Logic Probe and Digital Pulser

The LP and DP are very easy to use, but you must take precautions to hook them up correctly and to not give them voltages greater than 5V!

I will show you how to use the LP and DP, and in addition you can use the instruction manuals. Be sure they are set for the correct type of logic (TTL in this case).
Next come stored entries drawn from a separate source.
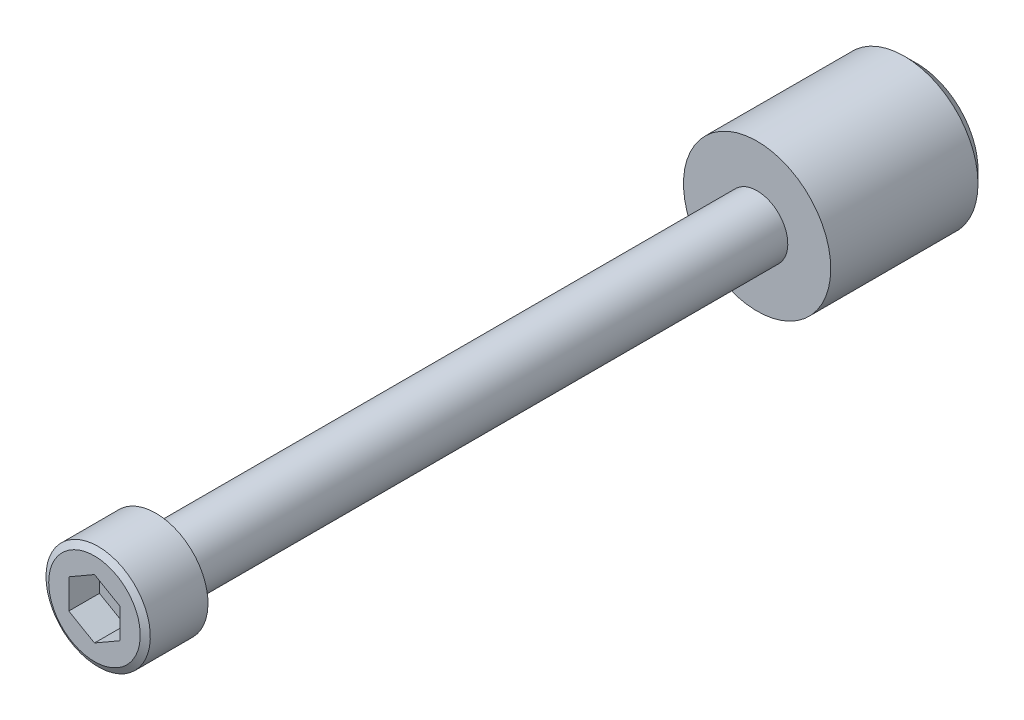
ISO-10303-21;
HEADER;
FILE_DESCRIPTION(('STEP AP214'),'2;1');
FILE_NAME('part.step','',(''),(''),'','','');
FILE_SCHEMA(('AUTOMOTIVE_DESIGN { 1 0 10303 214 1 1 1 1 }'));
ENDSEC;
DATA;
#1=APPLICATION_CONTEXT('core data for automotive mechanical design processes');
#2=APPLICATION_PROTOCOL_DEFINITION('international standard','automotive_design',2000,#1);
#3=PRODUCT_CONTEXT('',#1,'mechanical');
#4=PRODUCT('Part','Part','',(#3));
#5=PRODUCT_RELATED_PRODUCT_CATEGORY('part','',(#4));
#6=PRODUCT_DEFINITION_FORMATION('','',#4);
#7=PRODUCT_DEFINITION_CONTEXT('part definition',#1,'design');
#8=PRODUCT_DEFINITION('design','',#6,#7);
#9=PRODUCT_DEFINITION_SHAPE('','',#8);
#10=(LENGTH_UNIT() NAMED_UNIT(*) SI_UNIT(.MILLI.,.METRE.));
#11=(NAMED_UNIT(*) PLANE_ANGLE_UNIT() SI_UNIT($,.RADIAN.));
#12=(NAMED_UNIT(*) SI_UNIT($,.STERADIAN.) SOLID_ANGLE_UNIT());
#13=UNCERTAINTY_MEASURE_WITH_UNIT(LENGTH_MEASURE(1.E-05),#10,'distance_accuracy_value','');
#14=(GEOMETRIC_REPRESENTATION_CONTEXT(3) GLOBAL_UNCERTAINTY_ASSIGNED_CONTEXT((#13)) GLOBAL_UNIT_ASSIGNED_CONTEXT((#10,
#11,#12)) REPRESENTATION_CONTEXT('',''));
#15=CARTESIAN_POINT('',(0.,0.,0.));
#16=DIRECTION('',(0.,0.,1.));
#17=DIRECTION('',(1.,0.,0.));
#18=AXIS2_PLACEMENT_3D('',#15,#16,#17);
#19=CARTESIAN_POINT('',(6.072,-6.092893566,0.));
#20=DIRECTION('',(0.,0.,-1.));
#21=DIRECTION('',(-1.,0.,0.));
#22=AXIS2_PLACEMENT_3D('',#19,#20,#21);
#23=PLANE('',#22);
#24=CARTESIAN_POINT('',(0.,0.,0.));
#25=DIRECTION('',(0.,0.,-1.));
#26=DIRECTION('',(-1.,0.,0.));
#27=AXIS2_PLACEMENT_3D('',#24,#25,#26);
#28=CIRCLE('',#27,5.);
#29=CARTESIAN_POINT('',(-5.,0.,0.));
#30=VERTEX_POINT('',#29);
#31=EDGE_CURVE('E9',#30,#30,#28,.T.);
#32=ORIENTED_EDGE('',*,*,#31,.T.);
#33=EDGE_LOOP('',(#32));
#34=FACE_BOUND('',#33,.T.);
#35=ADVANCED_FACE('F14',(#34),#23,.T.);
#36=CARTESIAN_POINT('',(0.,0.,0.));
#37=DIRECTION('',(0.,0.,1.));
#38=DIRECTION('',(1.,0.,0.));
#39=AXIS2_PLACEMENT_3D('',#36,#37,#38);
#40=CYLINDRICAL_SURFACE('',#39,6.);
#41=CARTESIAN_POINT('',(0.,0.,1.00000000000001));
#42=DIRECTION('',(0.,0.,-1.));
#43=DIRECTION('',(-1.,0.,0.));
#44=AXIS2_PLACEMENT_3D('',#41,#42,#43);
#45=CIRCLE('',#44,6.);
#46=CARTESIAN_POINT('',(-6.,0.,1.00000000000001));
#47=VERTEX_POINT('',#46);
#48=EDGE_CURVE('E22',#47,#47,#45,.F.);
#49=ORIENTED_EDGE('',*,*,#48,.T.);
#50=EDGE_LOOP('',(#49));
#51=FACE_BOUND('',#50,.T.);
#52=CARTESIAN_POINT('',(0.,0.,13.));
#53=DIRECTION('',(0.,0.,1.));
#54=DIRECTION('',(1.,0.,0.));
#55=AXIS2_PLACEMENT_3D('',#52,#53,#54);
#56=CIRCLE('',#55,6.);
#57=CARTESIAN_POINT('',(6.,0.,13.));
#58=VERTEX_POINT('',#57);
#59=EDGE_CURVE('E116',#58,#58,#56,.T.);
#60=ORIENTED_EDGE('',*,*,#59,.F.);
#61=EDGE_LOOP('',(#60));
#62=FACE_BOUND('',#61,.T.);
#63=ADVANCED_FACE('F141',(#51,#62),#40,.T.);
#64=CARTESIAN_POINT('',(-6.072,-6.09289356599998,13.));
#65=DIRECTION('',(0.,0.,1.));
#66=DIRECTION('',(1.,0.,0.));
#67=AXIS2_PLACEMENT_3D('',#64,#65,#66);
#68=PLANE('',#67);
#69=CARTESIAN_POINT('',(0.,0.,13.));
#70=DIRECTION('',(0.,0.,1.));
#71=DIRECTION('',(0.,1.,0.));
#72=AXIS2_PLACEMENT_3D('',#69,#70,#71);
#73=CIRCLE('',#72,2.5);
#74=CARTESIAN_POINT('',(0.,2.50000000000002,13.));
#75=VERTEX_POINT('',#74);
#76=EDGE_CURVE('E134',#75,#75,#73,.T.);
#77=ORIENTED_EDGE('',*,*,#76,.F.);
#78=EDGE_LOOP('',(#77));
#79=FACE_BOUND('',#78,.T.);
#80=ORIENTED_EDGE('',*,*,#59,.T.);
#81=EDGE_LOOP('',(#80));
#82=FACE_BOUND('',#81,.T.);
#83=ADVANCED_FACE('F167',(#79,#82),#68,.T.);
#84=CARTESIAN_POINT('',(0.,0.,13.));
#85=DIRECTION('',(0.,0.,1.));
#86=DIRECTION('',(0.,1.,0.));
#87=AXIS2_PLACEMENT_3D('',#84,#85,#86);
#88=CYLINDRICAL_SURFACE('',#87,2.5);
#89=ORIENTED_EDGE('',*,*,#76,.T.);
#90=EDGE_LOOP('',(#89));
#91=FACE_BOUND('',#90,.T.);
#92=CARTESIAN_POINT('',(0.,0.,62.));
#93=DIRECTION('',(0.,0.,1.));
#94=DIRECTION('',(0.,1.,0.));
#95=AXIS2_PLACEMENT_3D('',#92,#93,#94);
#96=CIRCLE('',#95,2.5);
#97=CARTESIAN_POINT('',(0.,2.50000000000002,62.));
#98=VERTEX_POINT('',#97);
#99=EDGE_CURVE('E131',#98,#98,#96,.T.);
#100=ORIENTED_EDGE('',*,*,#99,.F.);
#101=EDGE_LOOP('',(#100));
#102=FACE_BOUND('',#101,.T.);
#103=ADVANCED_FACE('F173',(#91,#102),#88,.T.);
#104=CARTESIAN_POINT('',(4.301,-4.31579960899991,62.));
#105=DIRECTION('',(0.,0.,-1.));
#106=DIRECTION('',(-1.,0.,0.));
#107=AXIS2_PLACEMENT_3D('',#104,#105,#106);
#108=PLANE('',#107);
#109=ORIENTED_EDGE('',*,*,#99,.T.);
#110=EDGE_LOOP('',(#109));
#111=FACE_BOUND('',#110,.T.);
#112=CARTESIAN_POINT('',(0.,0.,62.));
#113=DIRECTION('',(0.,0.,1.));
#114=DIRECTION('',(0.,1.,0.));
#115=AXIS2_PLACEMENT_3D('',#112,#113,#114);
#116=CIRCLE('',#115,4.25);
#117=CARTESIAN_POINT('',(0.,4.25000000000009,62.));
#118=VERTEX_POINT('',#117);
#119=EDGE_CURVE('E128',#118,#118,#116,.T.);
#120=ORIENTED_EDGE('',*,*,#119,.F.);
#121=EDGE_LOOP('',(#120));
#122=FACE_BOUND('',#121,.T.);
#123=ADVANCED_FACE('F175',(#111,#122),#108,.T.);
#124=CARTESIAN_POINT('',(-3.775149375,-3.7881395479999,67.));
#125=DIRECTION('',(0.,0.,1.));
#126=DIRECTION('',(1.,0.,0.));
#127=AXIS2_PLACEMENT_3D('',#124,#125,#126);
#128=PLANE('',#127);
#129=DIRECTION('',(-0.866025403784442,0.5,0.));
#130=VECTOR('',#129,1.);
#131=CARTESIAN_POINT('',(2.09178134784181,1.20769052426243,67.));
#132=LINE('',#131,#130);
#133=CARTESIAN_POINT('',(2.09178134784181,1.20769052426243,67.));
#134=VERTEX_POINT('',#133);
#135=CARTESIAN_POINT('',(0.,2.41538104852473,67.));
#136=VERTEX_POINT('',#135);
#137=EDGE_CURVE('E29',#134,#136,#132,.T.);
#138=ORIENTED_EDGE('',*,*,#137,.F.);
#139=DIRECTION('',(0.,1.,0.));
#140=VECTOR('',#139,1.);
#141=CARTESIAN_POINT('',(2.09178134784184,-1.2076905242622,67.));
#142=LINE('',#141,#140);
#143=CARTESIAN_POINT('',(2.09178134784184,-1.2076905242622,67.));
#144=VERTEX_POINT('',#143);
#145=EDGE_CURVE('E112',#144,#134,#142,.T.);
#146=ORIENTED_EDGE('',*,*,#145,.F.);
#147=DIRECTION('',(0.866025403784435,0.500000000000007,0.));
#148=VECTOR('',#147,1.);
#149=CARTESIAN_POINT('',(0.,-2.41538104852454,67.));
#150=LINE('',#149,#148);
#151=CARTESIAN_POINT('',(0.,-2.41538104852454,67.));
#152=VERTEX_POINT('',#151);
#153=EDGE_CURVE('E110',#152,#144,#150,.T.);
#154=ORIENTED_EDGE('',*,*,#153,.F.);
#155=DIRECTION('',(0.866025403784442,-0.5,0.));
#156=VECTOR('',#155,1.);
#157=CARTESIAN_POINT('',(-2.09178134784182,-1.20769052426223,67.));
#158=LINE('',#157,#156);
#159=CARTESIAN_POINT('',(-2.09178134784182,-1.20769052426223,67.));
#160=VERTEX_POINT('',#159);
#161=EDGE_CURVE('E77',#160,#152,#158,.T.);
#162=ORIENTED_EDGE('',*,*,#161,.F.);
#163=DIRECTION('',(0.,-1.,0.));
#164=VECTOR('',#163,1.);
#165=CARTESIAN_POINT('',(-2.09178134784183,1.2076905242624,67.));
#166=LINE('',#165,#164);
#167=CARTESIAN_POINT('',(-2.09178134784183,1.2076905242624,67.));
#168=VERTEX_POINT('',#167);
#169=EDGE_CURVE('E106',#168,#160,#166,.T.);
#170=ORIENTED_EDGE('',*,*,#169,.F.);
#171=DIRECTION('',(-0.866025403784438,-0.5,0.));
#172=VECTOR('',#171,1.);
#173=CARTESIAN_POINT('',(0.,2.41538104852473,67.));
#174=LINE('',#173,#172);
#175=EDGE_CURVE('E103',#136,#168,#174,.T.);
#176=ORIENTED_EDGE('',*,*,#175,.F.);
#177=EDGE_LOOP('',(#138,#146,#154,#162,#170,#176));
#178=FACE_BOUND('',#177,.T.);
#179=CARTESIAN_POINT('',(0.,0.,67.));
#180=DIRECTION('',(0.,0.,-1.));
#181=DIRECTION('',(-1.,0.,0.));
#182=AXIS2_PLACEMENT_3D('',#179,#180,#181);
#183=CIRCLE('',#182,3.730384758);
#184=CARTESIAN_POINT('',(-3.730384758,0.,67.));
#185=VERTEX_POINT('',#184);
#186=EDGE_CURVE('E125',#185,#185,#183,.T.);
#187=ORIENTED_EDGE('',*,*,#186,.F.);
#188=EDGE_LOOP('',(#187));
#189=FACE_BOUND('',#188,.T.);
#190=ADVANCED_FACE('F177',(#178,#189),#128,.T.);
#191=CARTESIAN_POINT('',(0.,0.,62.));
#192=DIRECTION('',(0.,0.,1.));
#193=DIRECTION('',(0.,1.,0.));
#194=AXIS2_PLACEMENT_3D('',#191,#192,#193);
#195=CYLINDRICAL_SURFACE('',#194,4.25);
#196=CARTESIAN_POINT('',(0.,0.,66.7));
#197=DIRECTION('',(0.,0.,-1.));
#198=DIRECTION('',(-1.,0.,0.));
#199=AXIS2_PLACEMENT_3D('',#196,#197,#198);
#200=CIRCLE('',#199,4.25);
#201=CARTESIAN_POINT('',(-4.25,0.,66.7));
#202=VERTEX_POINT('',#201);
#203=EDGE_CURVE('E122',#202,#202,#200,.F.);
#204=ORIENTED_EDGE('',*,*,#203,.F.);
#205=EDGE_LOOP('',(#204));
#206=FACE_BOUND('',#205,.T.);
#207=ORIENTED_EDGE('',*,*,#119,.T.);
#208=EDGE_LOOP('',(#207));
#209=FACE_BOUND('',#208,.T.);
#210=ADVANCED_FACE('F156',(#206,#209),#195,.T.);
#211=CARTESIAN_POINT('',(0.,0.,67.));
#212=DIRECTION('',(0.,0.,-1.));
#213=DIRECTION('',(-1.,0.,0.));
#214=AXIS2_PLACEMENT_3D('',#211,#212,#213);
#215=CONICAL_SURFACE('',#214,3.730384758,1.04719755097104);
#216=ORIENTED_EDGE('',*,*,#203,.T.);
#217=EDGE_LOOP('',(#216));
#218=FACE_BOUND('',#217,.T.);
#219=ORIENTED_EDGE('',*,*,#186,.T.);
#220=EDGE_LOOP('',(#219));
#221=FACE_BOUND('',#220,.T.);
#222=ADVANCED_FACE('F146',(#218,#221),#215,.T.);
#223=CARTESIAN_POINT('',(0.,0.,1.00000000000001));
#224=DIRECTION('',(0.,0.,1.));
#225=DIRECTION('',(1.,0.,0.));
#226=AXIS2_PLACEMENT_3D('',#223,#224,#225);
#227=CONICAL_SURFACE('',#226,6.,0.785398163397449);
#228=ORIENTED_EDGE('',*,*,#31,.F.);
#229=EDGE_LOOP('',(#228));
#230=FACE_BOUND('',#229,.T.);
#231=ORIENTED_EDGE('',*,*,#48,.F.);
#232=EDGE_LOOP('',(#231));
#233=FACE_BOUND('',#232,.T.);
#234=ADVANCED_FACE('F16',(#230,#233),#227,.T.);
#235=CARTESIAN_POINT('',(2.09178134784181,1.20769052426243,64.5));
#236=DIRECTION('',(0.5,0.866025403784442,0.));
#237=DIRECTION('',(-0.866025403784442,0.5,0.));
#238=AXIS2_PLACEMENT_3D('',#235,#236,#237);
#239=PLANE('',#238);
#240=ORIENTED_EDGE('',*,*,#137,.T.);
#241=DIRECTION('',(0.,0.,1.));
#242=VECTOR('',#241,1.);
#243=CARTESIAN_POINT('',(0.,2.41538104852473,64.5));
#244=LINE('',#243,#242);
#245=CARTESIAN_POINT('',(0.,2.41538104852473,64.5));
#246=VERTEX_POINT('',#245);
#247=EDGE_CURVE('E59',#246,#136,#244,.T.);
#248=ORIENTED_EDGE('',*,*,#247,.F.);
#249=DIRECTION('',(-0.866025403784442,0.5,0.));
#250=VECTOR('',#249,1.);
#251=CARTESIAN_POINT('',(2.09178134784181,1.20769052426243,64.5));
#252=LINE('',#251,#250);
#253=CARTESIAN_POINT('',(2.09178134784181,1.20769052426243,64.5));
#254=VERTEX_POINT('',#253);
#255=EDGE_CURVE('E114',#254,#246,#252,.T.);
#256=ORIENTED_EDGE('',*,*,#255,.F.);
#257=DIRECTION('',(0.,0.,1.));
#258=VECTOR('',#257,1.);
#259=CARTESIAN_POINT('',(2.09178134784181,1.20769052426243,64.5));
#260=LINE('',#259,#258);
#261=EDGE_CURVE('E37',#254,#134,#260,.T.);
#262=ORIENTED_EDGE('',*,*,#261,.T.);
#263=EDGE_LOOP('',(#240,#248,#256,#262));
#264=FACE_BOUND('',#263,.T.);
#265=ADVANCED_FACE('F145',(#264),#239,.F.);
#266=CARTESIAN_POINT('',(2.09178134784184,-1.20769052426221,64.5));
#267=DIRECTION('',(1.,0.,0.));
#268=DIRECTION('',(0.,1.,0.));
#269=AXIS2_PLACEMENT_3D('',#266,#267,#268);
#270=PLANE('',#269);
#271=ORIENTED_EDGE('',*,*,#145,.T.);
#272=ORIENTED_EDGE('',*,*,#261,.F.);
#273=DIRECTION('',(0.,1.,0.));
#274=VECTOR('',#273,1.);
#275=CARTESIAN_POINT('',(2.09178134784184,-1.20769052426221,64.5));
#276=LINE('',#275,#274);
#277=CARTESIAN_POINT('',(2.09178134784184,-1.20769052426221,64.5));
#278=VERTEX_POINT('',#277);
#279=EDGE_CURVE('E89',#278,#254,#276,.T.);
#280=ORIENTED_EDGE('',*,*,#279,.F.);
#281=DIRECTION('',(0.,0.,1.));
#282=VECTOR('',#281,1.);
#283=CARTESIAN_POINT('',(2.09178134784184,-1.20769052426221,64.5));
#284=LINE('',#283,#282);
#285=EDGE_CURVE('E81',#278,#144,#284,.T.);
#286=ORIENTED_EDGE('',*,*,#285,.T.);
#287=EDGE_LOOP('',(#271,#272,#280,#286));
#288=FACE_BOUND('',#287,.T.);
#289=ADVANCED_FACE('F154',(#288),#270,.F.);
#290=CARTESIAN_POINT('',(0.,-2.41538104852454,64.5));
#291=DIRECTION('',(0.500000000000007,-0.866025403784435,0.));
#292=DIRECTION('',(0.866025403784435,0.500000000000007,0.));
#293=AXIS2_PLACEMENT_3D('',#290,#291,#292);
#294=PLANE('',#293);
#295=ORIENTED_EDGE('',*,*,#153,.T.);
#296=ORIENTED_EDGE('',*,*,#285,.F.);
#297=DIRECTION('',(0.866025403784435,0.500000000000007,0.));
#298=VECTOR('',#297,1.);
#299=CARTESIAN_POINT('',(0.,-2.41538104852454,64.5));
#300=LINE('',#299,#298);
#301=CARTESIAN_POINT('',(0.,-2.41538104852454,64.5));
#302=VERTEX_POINT('',#301);
#303=EDGE_CURVE('E85',#302,#278,#300,.T.);
#304=ORIENTED_EDGE('',*,*,#303,.F.);
#305=DIRECTION('',(0.,0.,1.));
#306=VECTOR('',#305,1.);
#307=CARTESIAN_POINT('',(0.,-2.41538104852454,64.5));
#308=LINE('',#307,#306);
#309=EDGE_CURVE('E70',#302,#152,#308,.T.);
#310=ORIENTED_EDGE('',*,*,#309,.T.);
#311=EDGE_LOOP('',(#295,#296,#304,#310));
#312=FACE_BOUND('',#311,.T.);
#313=ADVANCED_FACE('F86',(#312),#294,.F.);
#314=CARTESIAN_POINT('',(-2.09178134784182,-1.20769052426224,64.5));
#315=DIRECTION('',(-0.5,-0.866025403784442,0.));
#316=DIRECTION('',(0.866025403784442,-0.5,0.));
#317=AXIS2_PLACEMENT_3D('',#314,#315,#316);
#318=PLANE('',#317);
#319=ORIENTED_EDGE('',*,*,#161,.T.);
#320=ORIENTED_EDGE('',*,*,#309,.F.);
#321=DIRECTION('',(0.866025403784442,-0.5,0.));
#322=VECTOR('',#321,1.);
#323=CARTESIAN_POINT('',(-2.09178134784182,-1.20769052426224,64.5));
#324=LINE('',#323,#322);
#325=CARTESIAN_POINT('',(-2.09178134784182,-1.20769052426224,64.5));
#326=VERTEX_POINT('',#325);
#327=EDGE_CURVE('E74',#326,#302,#324,.T.);
#328=ORIENTED_EDGE('',*,*,#327,.F.);
#329=DIRECTION('',(0.,0.,1.));
#330=VECTOR('',#329,1.);
#331=CARTESIAN_POINT('',(-2.09178134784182,-1.20769052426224,64.5));
#332=LINE('',#331,#330);
#333=EDGE_CURVE('E82',#326,#160,#332,.T.);
#334=ORIENTED_EDGE('',*,*,#333,.T.);
#335=EDGE_LOOP('',(#319,#320,#328,#334));
#336=FACE_BOUND('',#335,.T.);
#337=ADVANCED_FACE('F72',(#336),#318,.F.);
#338=CARTESIAN_POINT('',(-2.09178134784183,1.2076905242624,64.5));
#339=DIRECTION('',(-1.,0.,0.));
#340=DIRECTION('',(0.,-1.,0.));
#341=AXIS2_PLACEMENT_3D('',#338,#339,#340);
#342=PLANE('',#341);
#343=ORIENTED_EDGE('',*,*,#169,.T.);
#344=ORIENTED_EDGE('',*,*,#333,.F.);
#345=DIRECTION('',(0.,-1.,0.));
#346=VECTOR('',#345,1.);
#347=CARTESIAN_POINT('',(-2.09178134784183,1.2076905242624,64.5));
#348=LINE('',#347,#346);
#349=CARTESIAN_POINT('',(-2.09178134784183,1.2076905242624,64.5));
#350=VERTEX_POINT('',#349);
#351=EDGE_CURVE('E95',#350,#326,#348,.T.);
#352=ORIENTED_EDGE('',*,*,#351,.F.);
#353=DIRECTION('',(0.,0.,1.));
#354=VECTOR('',#353,1.);
#355=CARTESIAN_POINT('',(-2.09178134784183,1.2076905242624,64.5));
#356=LINE('',#355,#354);
#357=EDGE_CURVE('E119',#350,#168,#356,.T.);
#358=ORIENTED_EDGE('',*,*,#357,.T.);
#359=EDGE_LOOP('',(#343,#344,#352,#358));
#360=FACE_BOUND('',#359,.T.);
#361=ADVANCED_FACE('F206',(#360),#342,.F.);
#362=CARTESIAN_POINT('',(0.,2.41538104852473,64.5));
#363=DIRECTION('',(-0.5,0.866025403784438,0.));
#364=DIRECTION('',(-0.866025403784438,-0.5,0.));
#365=AXIS2_PLACEMENT_3D('',#362,#363,#364);
#366=PLANE('',#365);
#367=ORIENTED_EDGE('',*,*,#175,.T.);
#368=ORIENTED_EDGE('',*,*,#357,.F.);
#369=DIRECTION('',(-0.866025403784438,-0.5,0.));
#370=VECTOR('',#369,1.);
#371=CARTESIAN_POINT('',(0.,2.41538104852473,64.5));
#372=LINE('',#371,#370);
#373=EDGE_CURVE('E97',#246,#350,#372,.T.);
#374=ORIENTED_EDGE('',*,*,#373,.F.);
#375=ORIENTED_EDGE('',*,*,#247,.T.);
#376=EDGE_LOOP('',(#367,#368,#374,#375));
#377=FACE_BOUND('',#376,.T.);
#378=ADVANCED_FACE('F193',(#377),#366,.F.);
#379=CARTESIAN_POINT('',(0.,2.41538104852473,64.5));
#380=DIRECTION('',(0.,0.,1.));
#381=DIRECTION('',(1.,0.,0.));
#382=AXIS2_PLACEMENT_3D('',#379,#380,#381);
#383=PLANE('',#382);
#384=ORIENTED_EDGE('',*,*,#255,.T.);
#385=ORIENTED_EDGE('',*,*,#373,.T.);
#386=ORIENTED_EDGE('',*,*,#351,.T.);
#387=ORIENTED_EDGE('',*,*,#327,.T.);
#388=ORIENTED_EDGE('',*,*,#303,.T.);
#389=ORIENTED_EDGE('',*,*,#279,.T.);
#390=EDGE_LOOP('',(#384,#385,#386,#387,#388,#389));
#391=FACE_BOUND('',#390,.T.);
#392=ADVANCED_FACE('F92',(#391),#383,.T.);
#393=CLOSED_SHELL('',(#35,#63,#83,#103,#123,#190,#210,#222,#234,#265,#289,#313,#337,#361,#378,#392));
#394=MANIFOLD_SOLID_BREP('B1',#393);
#395=ADVANCED_BREP_SHAPE_REPRESENTATION('',(#18,#394),#14);
#396=SHAPE_DEFINITION_REPRESENTATION(#9,#395);
ENDSEC;
END-ISO-10303-21;

B1: Discrete Component Gates

Diode Gates

Build the diode OR gate. Be sure you understand the operation of the LP and DP by using the DP as one of the inputs, and detecting the output with the LP. Power them with a 5V power supply. Try using both a single pulse and a continuous pulse input. Then try setting one of the inputs at a level 5V using the power supply, and detect the output with the LP.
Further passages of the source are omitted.